От пострадавшего, как бы внезапно поскользнувшегося, но устоявшего на ногах Станислава можно было бы незамедлительно к следующей «зимней» жертве перейти, продолжив сколь печальный, столь и забавный список потерпевших, но промелькнувшая в письме Инги фамилия Шишигина подбивает нас прежде всего к разговору о философе, тем более что все эти три судьбы в последнее время как бы объединились в одно целое: Стас, Инга, Шишигин — а значит, повествуя о двоих, так или иначе упрешься в третьего.

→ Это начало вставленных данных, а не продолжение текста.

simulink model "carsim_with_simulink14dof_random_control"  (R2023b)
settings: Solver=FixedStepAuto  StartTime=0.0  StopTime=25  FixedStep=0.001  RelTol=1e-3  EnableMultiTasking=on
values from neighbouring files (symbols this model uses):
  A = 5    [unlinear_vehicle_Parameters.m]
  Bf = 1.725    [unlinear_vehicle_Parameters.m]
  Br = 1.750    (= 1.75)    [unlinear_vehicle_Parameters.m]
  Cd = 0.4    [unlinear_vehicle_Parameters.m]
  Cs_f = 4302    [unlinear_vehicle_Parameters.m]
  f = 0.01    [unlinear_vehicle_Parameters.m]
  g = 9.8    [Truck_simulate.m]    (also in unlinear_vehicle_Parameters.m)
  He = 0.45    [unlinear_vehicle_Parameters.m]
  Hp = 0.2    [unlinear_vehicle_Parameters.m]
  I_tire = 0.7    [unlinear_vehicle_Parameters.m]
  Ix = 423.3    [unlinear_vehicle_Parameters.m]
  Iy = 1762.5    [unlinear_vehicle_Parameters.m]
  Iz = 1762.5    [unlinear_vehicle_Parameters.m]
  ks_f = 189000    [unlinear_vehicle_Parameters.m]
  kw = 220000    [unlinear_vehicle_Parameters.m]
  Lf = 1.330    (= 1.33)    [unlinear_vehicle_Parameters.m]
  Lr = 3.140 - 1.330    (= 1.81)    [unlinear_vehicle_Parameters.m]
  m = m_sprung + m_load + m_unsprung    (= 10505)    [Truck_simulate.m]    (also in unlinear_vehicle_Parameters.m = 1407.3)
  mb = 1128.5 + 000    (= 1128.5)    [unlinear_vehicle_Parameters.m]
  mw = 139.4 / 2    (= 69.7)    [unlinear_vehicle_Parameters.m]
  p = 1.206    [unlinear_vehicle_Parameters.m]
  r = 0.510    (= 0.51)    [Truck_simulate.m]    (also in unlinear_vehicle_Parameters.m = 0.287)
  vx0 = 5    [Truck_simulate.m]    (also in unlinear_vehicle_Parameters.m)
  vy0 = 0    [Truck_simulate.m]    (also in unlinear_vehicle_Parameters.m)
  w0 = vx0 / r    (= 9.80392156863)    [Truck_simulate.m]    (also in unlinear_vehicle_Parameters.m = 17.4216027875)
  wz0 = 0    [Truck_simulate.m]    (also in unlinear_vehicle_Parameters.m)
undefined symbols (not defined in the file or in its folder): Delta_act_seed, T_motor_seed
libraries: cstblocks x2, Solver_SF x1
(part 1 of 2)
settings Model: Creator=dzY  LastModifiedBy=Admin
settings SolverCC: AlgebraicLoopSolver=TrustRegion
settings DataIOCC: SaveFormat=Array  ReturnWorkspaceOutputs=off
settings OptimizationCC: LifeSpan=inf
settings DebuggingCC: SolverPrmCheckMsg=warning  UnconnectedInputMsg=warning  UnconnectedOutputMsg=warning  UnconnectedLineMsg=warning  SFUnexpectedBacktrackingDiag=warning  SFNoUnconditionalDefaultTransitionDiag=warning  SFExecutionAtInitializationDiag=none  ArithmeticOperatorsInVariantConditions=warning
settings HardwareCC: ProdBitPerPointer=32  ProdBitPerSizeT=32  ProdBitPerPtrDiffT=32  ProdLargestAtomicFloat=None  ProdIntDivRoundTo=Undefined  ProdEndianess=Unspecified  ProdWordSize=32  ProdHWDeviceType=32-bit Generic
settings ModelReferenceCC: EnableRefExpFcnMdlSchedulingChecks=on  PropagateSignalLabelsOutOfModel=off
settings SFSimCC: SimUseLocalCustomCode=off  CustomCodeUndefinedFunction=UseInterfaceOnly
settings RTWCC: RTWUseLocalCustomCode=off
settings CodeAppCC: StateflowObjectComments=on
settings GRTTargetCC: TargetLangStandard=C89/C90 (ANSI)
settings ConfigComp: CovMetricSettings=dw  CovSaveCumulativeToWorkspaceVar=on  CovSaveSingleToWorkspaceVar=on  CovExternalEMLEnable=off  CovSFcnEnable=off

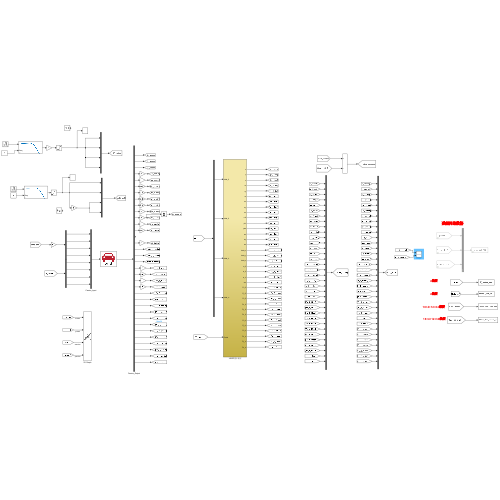
[thumbnail: Simulink's stored preview of the top-level diagram]
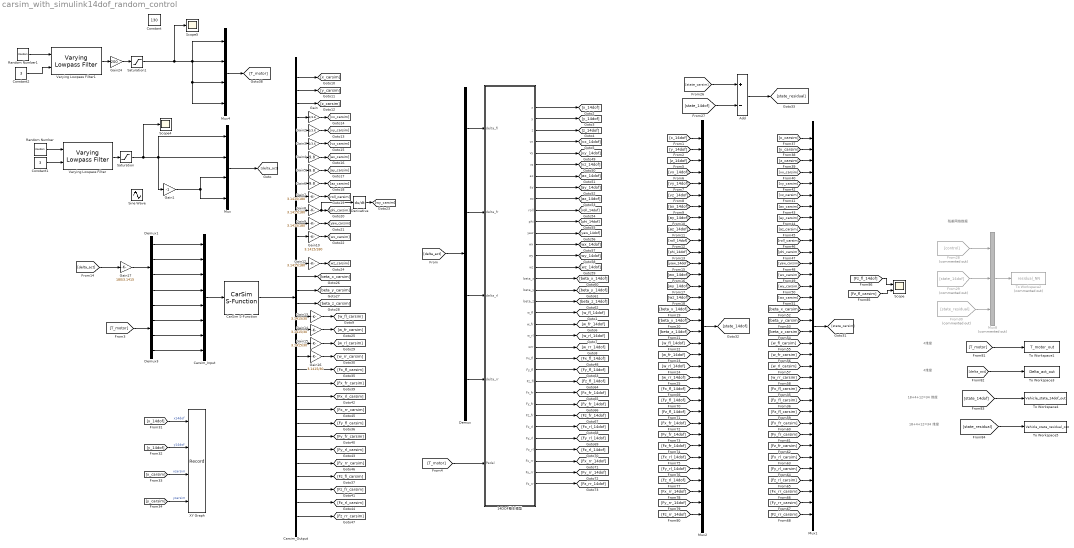
== system carsim_with_simulink14dof_random_control ==
  note: 4维度
  note: 残差网络数据
  note: 4维度
  note: 18+4+12=34维度
  note: 18+4+12=34维度
  14DOF整车模型 : Subsystem
  Add : Sum  Inputs=+-
  CarSim S-Function : Solver_SF/CarSim S-Function  Priority=1  SIMFILE=simfile.sim  Run_RTs=off  vs_state_ind=Run  StopMode_ind=Vehicle Model
  Carsim_Input : Mux  Inputs=8
  Carsim_Output : Demux  Outputs=34
  Constant : Constant  Value=130
  Constant1 : Constant  Value=3
  Constant2 : Constant  Value=3
  Demux : Demux
  Demux1 : Demux
  Demux3 : Demux
  Derivative : Derivative
  From28 : From  Commented=on  GotoTag=control
  From29 : From  Commented=on  GotoTag=state_14dof
  From30 : From  Commented=on  GotoTag=state_residual
  Gain : Gain  Gain=1/3.6
  Gain1 : Gain  Gain=-1
  Gain{7..10,12} (5 alike) : Gain  Gain=3.1415/180
  Gain{13..16} (4 alike) : Gain  Gain=3.1415/30
  Gain17 : Gain  Gain=180/3.1415
  Gain2 : Gain  Gain=1/3.6
  Gain24 : Gain  Gain=200
  Gain3 : Gain  Gain=1/3.6
  Gain4 : Gain  Gain=9.8
  Gain5 : Gain  Gain=9.8
  Gain6 : Gain  Gain=9.8
  Mux : Mux
  Mux1 : Mux  Inputs=34
  Mux2 : Mux  Inputs=34
  Mux4 : Mux
  Mux8 : Mux  Commented=on  Inputs=3
  Random Number : RandomNumber  Variance=20  Seed=Delta_act_seed  SampleTime=0.001
  Random Number1 : RandomNumber  Mean=0.1  Variance=50  Seed=T_motor_seed  SampleTime=0.001
  Saturation : Saturate  UpperLimit=0.35  LowerLimit=-0.35
  Saturation1 : Saturate  UpperLimit=150  LowerLimit=-150
  Scope : Scope  NumInputPorts=2
  Scope4 : Scope
  Scope5 : Scope
  Sine Wave : Sin  Amplitude=0.25  Frequency=0.4  SampleTime=0
  To Workspace1 : ToWorkspace  VariableName=T_motor_out  SaveFormat=Timeseries  SampleTime=-1
  To Workspace2 : ToWorkspace  Commented=on  VariableName=residual_NN  SaveFormat=Timeseries  SampleTime=-1
  To Workspace3 : ToWorkspace  VariableName=Delta_act_out  SaveFormat=Timeseries  SampleTime=-1
  To Workspace4 : ToWorkspace  VariableName=Vehicle_state_14dof_out  SaveFormat=Timeseries  SampleTime=-1
  To Workspace5 : ToWorkspace  VariableName=Vehicle_state_residual_out  SaveFormat=Timeseries  SampleTime=-1
  Varying Lowpass Filter : cstblocks/Linear Parameter Varying/Varying Lowpass Filter  N=8
  Varying Lowpass Filter1 : cstblocks/Linear Parameter Varying/Varying Lowpass Filter  N=8
  XY Graph : Record  RecordToFile=on  FileSettingsInternal="{\"entries\":[{\"content\":{\"excelSettings\":{\"content\":{},\"type\":\"Streamout.ExcelSettings\"}},\"type\":\"Streamout.FileSettingStorage\",\"uuid\":\"\"}],\"packageUris\":[\"http:\\/\\/schema.mathworks.com\\/mf0\\/streamout_blocks\\/R2020a\"],\"version\":\"1.0\"}"  Layout=[1 1]  SignalsInternal="{\"entries\":[{\"content\":{\"signals\":[{\"content\":{\"blockPath\":[],\"dimensions\":[1],\"domain\":\"\",\"lineColor\":\"#a2142f\",\"plots\":[1],\"port\":1,\"sid\":[\"\"],\"signalID\":3004,\"signalName\":\"x14dof\"},\"type\":\"RecordBlkView.Signal\",\"uuid\":\"\"},{\"content\":{\"blockPath\":[],\"dimensions\":[1],\"domain\":\"\",\"lineColor\":\"#139fff\",\"plots\":[1],\"port\":2,\"sid\":[\"\"],\"signalID\":3008,\"signalName\":\"y14dof\"},\"type\":\"RecordBlkView.Signal\",\"uuid\":\"\"},{\"content\":{\"blockPath\":[],\"dimensions\":[1],\"domain\":\"\",\"lineColor\":\"#77ac30\",\"plots\":[1],\"port\":3,\"sid\":[\"\"],\"signalID\":3012,\"signalName\":\"xcarsim\"},\"type\":\"RecordBlkView.Signal\",\"uuid\":\"\"},{\"content\":{\"blockPath\":[],\"dimensions\":[1],\"domain\":\"\",\"lineColor\":\"#4dbeee\",\"plots\":[1],\"port\":4,\"sid\":[\"\"],\"signalID\":3016,\"signalName\":\"ycarsim\"},\"type\":\"RecordBlkView.Signal\",\"uuid\":\"\"}]},\"type\":\"RecordBlkView.InputSignals\",\"uuid\":\"\"}],\"packageUris\":[\"http:\\/\\/schema.mathworks.com\\/mf0\\/streamout_blocks\\/R2020a\"],\"version\":\"1.0\"}"  VisualizationBindings="{\"xyplotplugin\":{\"info\":[{\"series\":[{\"bindingParametersList\":[{\"parameter\":\"X-Axis\",\"signalID\":3004,\"signalName\":\"x14dof\"},{\"parameter\":\"Y-Axis\",\"signalID\":3008,\"signalName\":\"y14dof\"}],\"seriesID\":21335},{\"bindingParametersList\":[{\"parameter\":\"X-Axis\",\"signalID\":3012,\"signalName\":\"xcarsim\"},{\"parameter\":\"Y-Axis\",\"signalID\":3016,\"signalName\":\"ycarsim\"}],\"seriesID\":24692}],\"subplotID\":1}]}}"  CompatibilityTag=XY
  wires:
  [T_motor] -> 14DOF整车模型/5(Pedal)
  Mux4/1 -> [T_motor]
  Saturation1/1 -> Mux4/1, Mux4/4, Mux4/3, Mux4/2, Scope5/1
  Carsim_Input/1 -> CarSim S-Function/1
  CarSim S-Function/1 -> Carsim_Output/1
  [T_motor] -> Demux3/1
  Demux3/1 -> Carsim_Input/5
  Demux3/2 -> Carsim_Input/6
  Demux3/3 -> Carsim_Input/7
  Demux3/4 -> Carsim_Input/8
  14DOF整车模型/1(x) -> [x_14dof]
  14DOF整车模型/2(y) -> [y_14dof]
  14DOF整车模型/3(z) -> [z_14dof]
  14DOF整车模型/4(vx) -> [vx_14dof]
  14DOF整车模型/5(vy) -> [vy_14dof]
  14DOF整车模型/6(vz) -> [vz_14dof]
  14DOF整车模型/7(ax) -> [ax_14dof]
  14DOF整车模型/8(ay) -> [ay_14dof]
  14DOF整车模型/9(az) -> [az_14dof]
  14DOF整车模型/10(roll) -> [roll_14dof]
  14DOF整车模型/11(phi) -> [phi_14dof]
  14DOF整车模型/12(yaw) -> [yaw_14dof]
  14DOF整车模型/13(wx) -> [wx_14dof]
  14DOF整车模型/14(wy) -> [wy_14dof]
  14DOF整车模型/15(wz) -> [wz_14dof]
  14DOF整车模型/16(beta_x) -> [beta_x_14dof]
  14DOF整车模型/17(beta_y) -> [beta_y_14dof]
  14DOF整车模型/18(beta_z) -> [beta_z_14dof]
  [x_14dof] -> Mux2/1
  [y_14dof] -> Mux2/2
  [z_14dof] -> Mux2/3
  [vx_14dof] -> Mux2/4
  [vy_14dof] -> Mux2/5
  [vz_14dof] -> Mux2/6
  [ax_14dof] -> Mux2/7
  [ay_14dof] -> Mux2/8
  [az_14dof] -> Mux2/9
  [roll_14dof] -> Mux2/10
  [phi_14dof] -> Mux2/11
  [yaw_14dof] -> Mux2/12
  [wx_14dof] -> Mux2/13
  [wy_14dof] -> Mux2/14
  [wz_14dof] -> Mux2/15
  [beta_x_14dof] -> Mux2/16
  [beta_y_14dof] -> Mux2/17
  [beta_z_14dof] -> Mux2/18
  Mux2/1 -> [state_14dof]
  Saturation/1 -> Mux/1, Mux/2, Gain1/1, Scope4/1
  Mux/1 -> [delta_act]
  Gain1/1 -> Mux/4, Mux/3
  Demux/4 -> 14DOF整车模型/4(delta_rr)
  Demux/3 -> 14DOF整车模型/3(delta_rl)
  Demux/2 -> 14DOF整车模型/2(delta_fr)
  Demux/1 -> 14DOF整车模型/1(delta_fl)
  [delta_act] -> Demux/1
  Demux1/4 -> Carsim_Input/4
  Demux1/3 -> Carsim_Input/3
  Demux1/2 -> Carsim_Input/2
  Demux1/1 -> Carsim_Input/1
  14DOF整车模型/19(w_fl) -> [w_fl_14dof]
  14DOF整车模型/20(w_fr) -> [w_fr_14dof]
  14DOF整车模型/21(w_rl) -> [w_rl_14dof]
  14DOF整车模型/22(wrr) -> [w_rr_14dof]
  [w_fl_14dof] -> Mux2/19
  [w_fr_14dof] -> Mux2/20
  [w_rl_14dof] -> Mux2/21
  [w_rr_14dof] -> Mux2/22
  Carsim_Output/2 -> [y_carsim]
  Carsim_Output/1 -> [x_carsim]
  Carsim_Output/3 -> [z_carsim]
  Carsim_Output/16 -> [beta_x_carsim]
  Carsim_Output/17 -> [beta_y_carsim]
  Carsim_Output/18 -> [beta_z_carsim]
  [state_14dof] -> Add/2
  [state_carsim] -> Add/1
  Add/1 -> [state_residual]
  Mux8/1 -> To Workspace2/1
  From28/1 -> Mux8/1
  From29/1 -> Mux8/2
  From30/1 -> Mux8/3
  Carsim_Output/6 -> Gain3/1
  Gain3/1 -> [vz_carsim]
  Carsim_Output/5 -> Gain2/1
  Gain2/1 -> [vy_carsim]
  Gain/1 -> [vx_carsim]
  Carsim_Output/4 -> Gain/1
  Carsim_Output/7 -> Gain4/1
  Gain4/1 -> [ax_carsim]
  Carsim_Output/8 -> Gain5/1
  Gain5/1 -> [ay_carsim]
  Carsim_Output/9 -> Gain6/1
  Gain6/1 -> [az_carsim]
  Carsim_Output/10 -> Gain7/1
  Gain7/1 -> [roll_carsim]
  Carsim_Output/11 -> Gain8/1
  Gain8/1 -> Derivative/1, [phi_carsim]
  Carsim_Output/12 -> Gain9/1
  Gain9/1 -> [yaw_carsim]
  Carsim_Output/15 -> Gain12/1
  Carsim_Output/13 -> Gain10/1
  Gain10/1 -> [wx_carsim]
  Gain12/1 -> [wz_carsim]
  Carsim_Output/19 -> Gain13/1
  Gain13/1 -> [w_fl_carsim]
  Carsim_Output/20 -> Gain14/1
  Gain14/1 -> [w_fr_carsim]
  Carsim_Output/21 -> Gain15/1
  Carsim_Output/22 -> Gain16/1
  Gain15/1 -> [w_rl_carsim]
  Gain16/1 -> [w_rr_carsim]
  Gain17/1 -> Demux1/1
  [delta_act] -> Gain17/1
  Derivative/1 -> [wy_carsim]
  [x_carsim] -> Mux1/1
  [y_carsim] -> Mux1/2
  [z_carsim] -> Mux1/3
  [vx_carsim] -> Mux1/4
  [vy_carsim] -> Mux1/5
  [vz_carsim] -> Mux1/6
  [ax_carsim] -> Mux1/7
  [ay_carsim] -> Mux1/8
  [az_carsim] -> Mux1/9
  [roll_carsim] -> Mux1/10
  [phi_carsim] -> Mux1/11
  [yaw_carsim] -> Mux1/12
  [wx_carsim] -> Mux1/13
  [wy_carsim] -> Mux1/14
  [wz_carsim] -> Mux1/15
  [beta_x_carsim] -> Mux1/16
  [beta_y_carsim] -> Mux1/17
  [beta_z_carsim] -> Mux1/18
  [w_fl_carsim] -> Mux1/19
  [w_fr_carsim] -> Mux1/20
  [w_rl_carsim] -> Mux1/21
  [w_rr_carsim] -> Mux1/22
  Mux1/1 -> [state_carsim]
  Constant2/1 -> Varying Lowpass Filter1/2
  Random Number1/1 -> Varying Lowpass Filter1/1
  Gain24/1 -> Saturation1/1
  Varying Lowpass Filter1/1 -> Gain24/1
  Random Number/1 -> Varying Lowpass Filter/1
  Constant1/1 -> Varying Lowpass Filter/2
  Varying Lowpass Filter/1 -> Saturation/1
  [x_14dof] -> XY Graph/1  "x14dof"
  [x_carsim] -> XY Graph/3  "xcarsim"
  [y_carsim] -> XY Graph/4  "ycarsim"
  [y_14dof] -> XY Graph/2  "y14dof"
  [Fx_fl_carsim] -> Mux1/23
  [Fy_fl_carsim] -> Mux1/24
  [Fz_fl_carsim] -> Mux1/25
  [Fx_fr_carsim] -> Mux1/26
  [Fy_fr_carsim] -> Mux1/27
  [Fz_fr_carsim] -> Mux1/28
  [Fx_rl_carsim] -> Mux1/29
  [Fy_rl_carsim] -> Mux1/30
  [Fz_rl_carsim] -> Mux1/31
  [Fx_rr_carsim] -> Mux1/32
  [Fy_rr_carsim] -> Mux1/33
  [Fz_rr_carsim] -> Mux1/34
  14DOF整车模型/23(Fx_fl) -> [Fx_fl_14dof]
  14DOF整车模型/24(Fy_fl) -> [Fy_fl_14dof]
  14DOF整车模型/25(Fz_fl) -> [Fz_fl_14dof]
  14DOF整车模型/26(Fx_fr) -> [Fx_fr_14dof]
  14DOF整车模型/27(Fy_fr) -> [Fy_fr_14dof]
  14DOF整车模型/28(Fz_fr) -> [Fz_fr_14dof]
  14DOF整车模型/29(Fx_rl) -> [Fx_rl_14dof]
  14DOF整车模型/30(Fy_rl) -> [Fy_rl_14dof]
  14DOF整车模型/31(Fz_rl) -> [Fz_rl_14dof]
  14DOF整车模型/32(Fx_rr) -> [Fx_rr_14dof]
  14DOF整车模型/33(Fy_rr) -> [Fy_rr_14dof]
  14DOF整车模型/34(Fz_rr) -> [Fz_rr_14dof]
  [Fx_fl_14dof] -> Mux2/23
  [Fy_fl_14dof] -> Mux2/24
  [Fz_fl_14dof] -> Mux2/25
  [Fx_fr_14dof] -> Mux2/26
  [Fy_fr_14dof] -> Mux2/27
  [Fz_fr_14dof] -> Mux2/28
  [Fx_rl_14dof] -> Mux2/29
  [Fy_rl_14dof] -> Mux2/30
  [Fz_rl_14dof] -> Mux2/31
  [Fx_rr_14dof] -> Mux2/32
  [Fy_rr_14dof] -> Mux2/33
  [Fz_rr_14dof] -> Mux2/34
  [T_motor] -> To Workspace1/1
  [delta_act] -> To Workspace3/1
  [state_14dof] -> To Workspace4/1
  [state_residual] -> To Workspace5/1
  [Fz_fl_14dof] -> Scope/1
  [Fz_fl_carsim] -> Scope/2
  Carsim_Output/23 -> [Fx_fl_carsim]
  Carsim_Output/24 -> [Fx_fr_carsim]
  Carsim_Output/25 -> [Fx_rl_carsim]
  Carsim_Output/26 -> [Fx_rr_carsim]
  Carsim_Output/27 -> [Fy_fl_carsim]
  Carsim_Output/28 -> [Fy_fr_carsim]
  Carsim_Output/29 -> [Fy_rl_carsim]
  Carsim_Output/30 -> [Fy_rr_carsim]
  Carsim_Output/31 -> [Fz_fl_carsim]
  Carsim_Output/32 -> [Fz_fr_carsim]
  Carsim_Output/33 -> [Fz_rl_carsim]
  Carsim_Output/34 -> [Fz_rr_carsim]

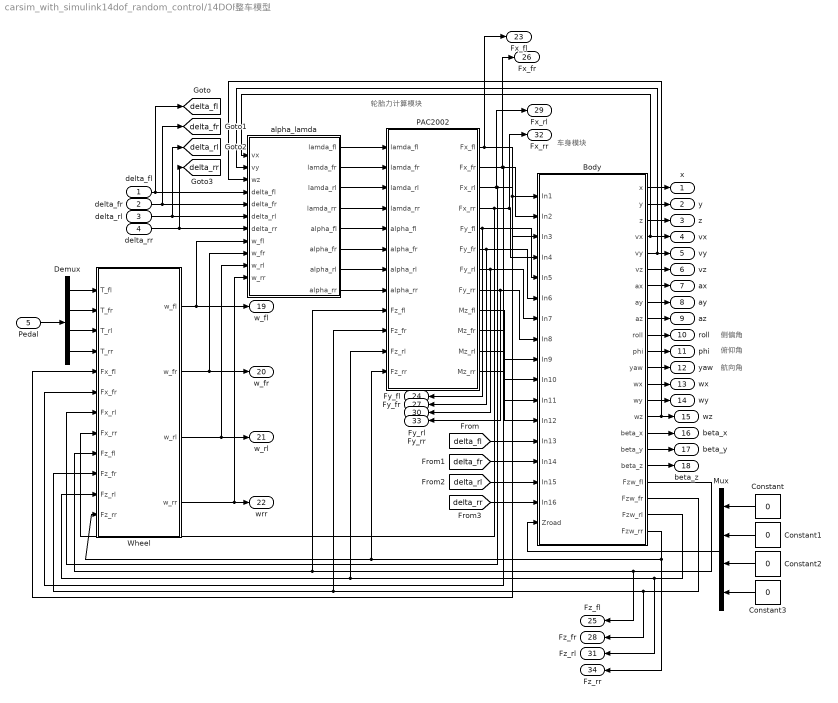
== system carsim_with_simulink14dof_random_control/14DOF整车模型 ==
  note: 车身模块
  note: 航向角
  note: 侧偏角
  note: 俯仰角
  note: 轮胎力计算模块
  delta_fl : Inport
  delta_fr : Inport  Port=2
  delta_rl : Inport  Port=3
  delta_rr : Inport  Port=4
  Pedal : Inport  Port=5
  Body : Subsystem
  Constant{,1..3} (4 alike) : Constant  Value=0
  Demux : Demux
  Mux : Mux
  PAC2002 : Subsystem
  Wheel : Subsystem
  alpha_lamda : Subsystem
  x : Outport
  y : Outport  Port=2
  z : Outport  Port=3
  vx : Outport  Port=4
  vy : Outport  Port=5
  vz : Outport  Port=6
  ax : Outport  Port=7
  ay : Outport  Port=8
  az : Outport  Port=9
  roll : Outport  Port=10
  phi : Outport  Port=11
  yaw : Outport  Port=12
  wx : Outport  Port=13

С Шишигиным Игнатием этой зимой произошло неприятное событие: его приняли за ненормального. В полупустом зимнем вагоне трамвая, не обращаясь, собственно, ни к кому в отдельности, начал он довольно громко развивать свою теорию «дуплизма», призывая граждан уходить в себя, отказываясь от всего суетного. Кто-то, естественно, возразил, не разделяя доктрины дуплиста, посоветовав философу закрыть «курятник». Шишигин с трамвая сошел обиженный. И тут же, как говорится, полез в бутылку. В ближайшей пивной принял «ерша» на троих. Руками стал размахивать, бородой своей неприятной о «третьего» тереться. В результате — скандал. Собутыльники разбежались, а философа в отделение пригласили, а там и в вытрезвитель. На учет к наркологу поставили. Обязав не менее двух раз в год на обследование отмечаться приходить. А кто виноват? Сам виноват. Тайком от сопровождавшего тогда Шишигина дружинника, пока его от пивной в милицию вели, сбросил он обувь с ног, оставшись в носках, и так шел по мокрому декабрьскому снегу. Сопровождающий вначале внимания не обратил на эту Шишигина выходку, а когда обратил, было уже поздно: обувь задержанного осталась где-то в вечерних извивах проходных дворов Петроградской стороны. Шишигин обувь с ног не случайно сковырнул, так как вместо прежней, разношенной и, можно сказать, дырявой и дурно пахнущей пары ботинок надеялся получить нечто серьезное, пусть казенное, однако прочное, основательное, такое, в чем регулировщики на морозе по нескольку часов подряд за милую душу простаивают. Однако мечты Шишигина не сбылись: ему выделили огромные резиновые сапоги-бахилы, да и то ненадолго, в которых и доставили в медвытрезвитель. А там — душ, клеймение ног чернилами, чистая постель и сладкий сон нагишом, как в далеком детстве.